(Data items)
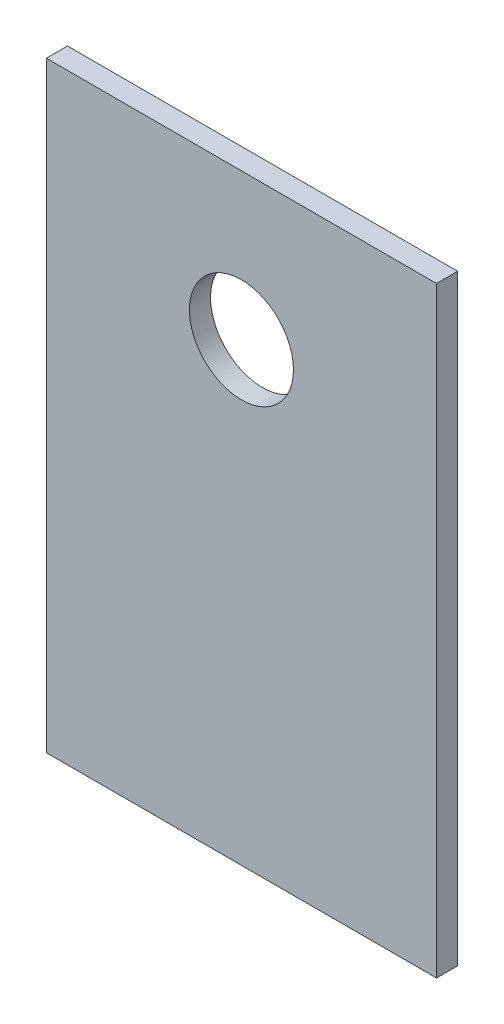
from build123d import *

# Parameters (mm, degrees)
SKETCH1_W           = 12
SKETCH1_H           = 18.5
SKETCH1_R           = 1.6
BOSS_EXTRUDE1_DEPTH = 0.65


with BuildPart() as part:
    # Sketch1 → Boss-Extrude1 (new body)
    with BuildSketch(Plane.XY):
        with Locations((0, -4.75)):
            Rectangle(SKETCH1_W, SKETCH1_H)
        Circle(SKETCH1_R, mode=Mode.SUBTRACT)
    extrude(amount=BOSS_EXTRUDE1_DEPTH)


solid = part.part

### [Aim of the task]
List all lines from the entries that include the word "part".

### [Reply to the exercise]
with BuildPart() as part:
solid = part.part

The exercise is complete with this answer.